Industriële fabricage
Industrieel internet der dingen | Industriële materialen | Onderhoud en reparatie van apparatuur | Industriële programmering |
home  MfgRobots >> Industriële fabricage >  >> Industrial Internet of Things >> Ingebed

Determinisme van de opstartfase:multichipsynchronisatie gebruiken

De integratie van meerdere DSP-blokken (digital signal processing), breedband digitaal-naar-analoog-omzetters (DAC's) en breedband-analoog-naar-digitaal-omzetters (ADC's) in een enkele monolithische chip maakt het nu mogelijk om energieverslindende FPGA-bronnen te ontlasten aan zorgen voor een kleinere voetafdruk, een lager vermogen en een groter aantal kanalen, die met hogere snelheden kunnen samplen dan voorheen haalbaar was. Samen met deze nieuwe mogelijkheid komen nieuwe multichip-synchronisatie (MCS)-algoritmen binnen deze geïntegreerde circuits (IC's), waarmee gebruikers een bekende (deterministische) fase voor alle kanalen kunnen bereiken bij het voeden van het systeem of het anderszins aanbrengen van softwarewijzigingen aan het systeem. Deze deterministische fase vereenvoudigt daarom de bredere kalibratie-algoritmen op systeemniveau die nodig zijn om de synchronisatie van alle kanalen aan de uitgang of ingang naar de front-end-netwerken die aan deze IC's zijn gekoppeld, te bereiken. Dit artikel presenteert experimentele resultaten die deze MCS-mogelijkheid demonstreren bij gebruik van een 16-kanaals ontvanger/zenderplatform dat bestaat uit meerdere digitizer-IC's, klokbronnen en digitale interfaces.

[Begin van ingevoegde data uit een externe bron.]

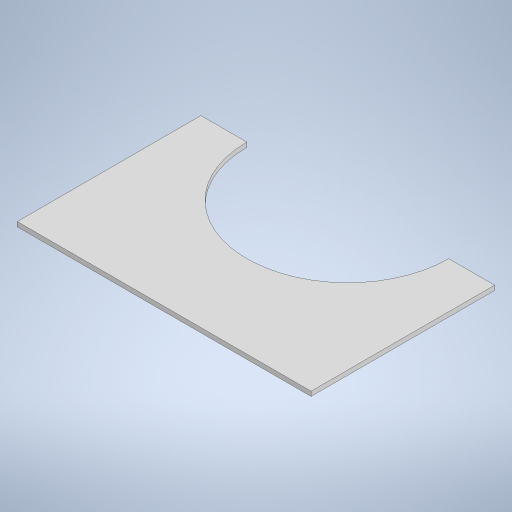
# Autodesk Inventor part: 2 Bottom Frame Base 2
Saved by Autodesk Inventor 2024 (Build 280153000, 153)
## iProperties
Created: 2024-04-17
Part Number: 2 Bottom Frame Base 2
Material: Generic
Document SubType Name: Modeling
Designer: Tommy Rohmann
Density: 1 g/cm^3
Appearance: Default
Author: Tommy Rohmann
Autodesk Inventor part; units mm, degrees
ref_plane "YZ Plane" through (0, 0, 0) normal (1, 0, 0) x (0, 1, 0)
ref_plane "XZ Plane" through (0, 0, 0) normal (0, 1, 0) x (-1, 0, 0)
ref_plane "XY Plane" through (0, 0, 0) normal (0, 0, 1) x (1, 0, 0)
sketch "Sketch1" plane through (0, 0, 0) normal (0, 1, 0) x (-1, 0, 0)
  line L0 (0, 0) -> (203.2, 0)
  line L1 (203.2, 0) -> (203.2, -254)
  line L2 (203.2, -254) -> (0, -254)
  line L3 (0, -254) -> (0, 0)
  line L4 (203.2, -127) -> (0, -127)
  line L5 (101.6, -254) -> (101.6, 0)
  circle A0 centre (101.6, -127) radius 69.85
  point P0 (171.45, -127)
  point P1 (31.75, -127)
  dimension "d0" = 203.2
  dimension "d1" = 254
  dimension "d2" = 139.7
  constraints: 12 end point, 5 midpoint, 2 parallel, 1 centre point, 1 horizontal, 1 perpendicular
  measures "d0" distance of L1.end L2.end
  measures "d1" distance of L0.end L1.end
  measures "d2" diameter of A0
extrude "Extrusion1" add sketch "Sketch1" along normal blind 3.175 contours L0 L5 A0 L4 L3 | L0 L1 L4 A0 L5
body "Solid1"

Systeemblokdiagram op hoog niveau

Een blokschema van het systeem dat voor deze test wordt gebruikt, wordt getoond in afbeelding 1 en bestaat uit vier geïntegreerde DAC/ADC/DSP IC's die elk bestaan ​​uit vier 12 GSPS DAC's, vier 4 GSPS ADC's en 12 digitale upconverter (DUC) en 12 digitale downconverter (DDC) blokken.

klik voor afbeelding op volledige grootte

Figuur 1. Een blokschema op hoog niveau van het systeem dat wordt gebruikt om MCS en meerkanaals kalibratie-algoritmen te demonstreren. (Bron:Analoge apparaten)

De DUC's/DDC's maken frequentievertaling en/of interpolatie/decimering binnen het digitale domein mogelijk. Met behulp van een enkele 500 MHz-referentieklok die op het bord wordt geïnjecteerd, wordt vervolgens een referentie-vergrendelde klokbuffer gebruikt om de systeemreferentiesignalen te genereren die nodig zijn voor MCS, evenals de klokken die nodig zijn voor de digitale interface naar de basisbandprocessor (BBP). Het systeem bevat ook vier afzonderlijke PLL-synthesizers (phase-locked loop) die de 12 GHz-bronnen genereren die nodig zijn om elk digitaliserend IC te klokken vanuit de gemeenschappelijke referentie. Een RF-frontend is bevestigd aan elke digitizer-uitgang/-ingang, die een gefilterd en versterkt signaal creëert van/naar de edge-gelanceerde RF-connectoren. Er wordt een volledige stroomverdelingsoplossing geïmplementeerd. Alle spanningen die nodig zijn voor het systeem worden gegenereerd uit een enkele 12 V-bron. Alle zendsignalen planten zich voort aan de onderkant van het bord, terwijl alle ontvangstsignalen zich aan de bovenkant van het bord voortplanten om de meest optimale kanaal-naar-kanaal isolatie te bereiken.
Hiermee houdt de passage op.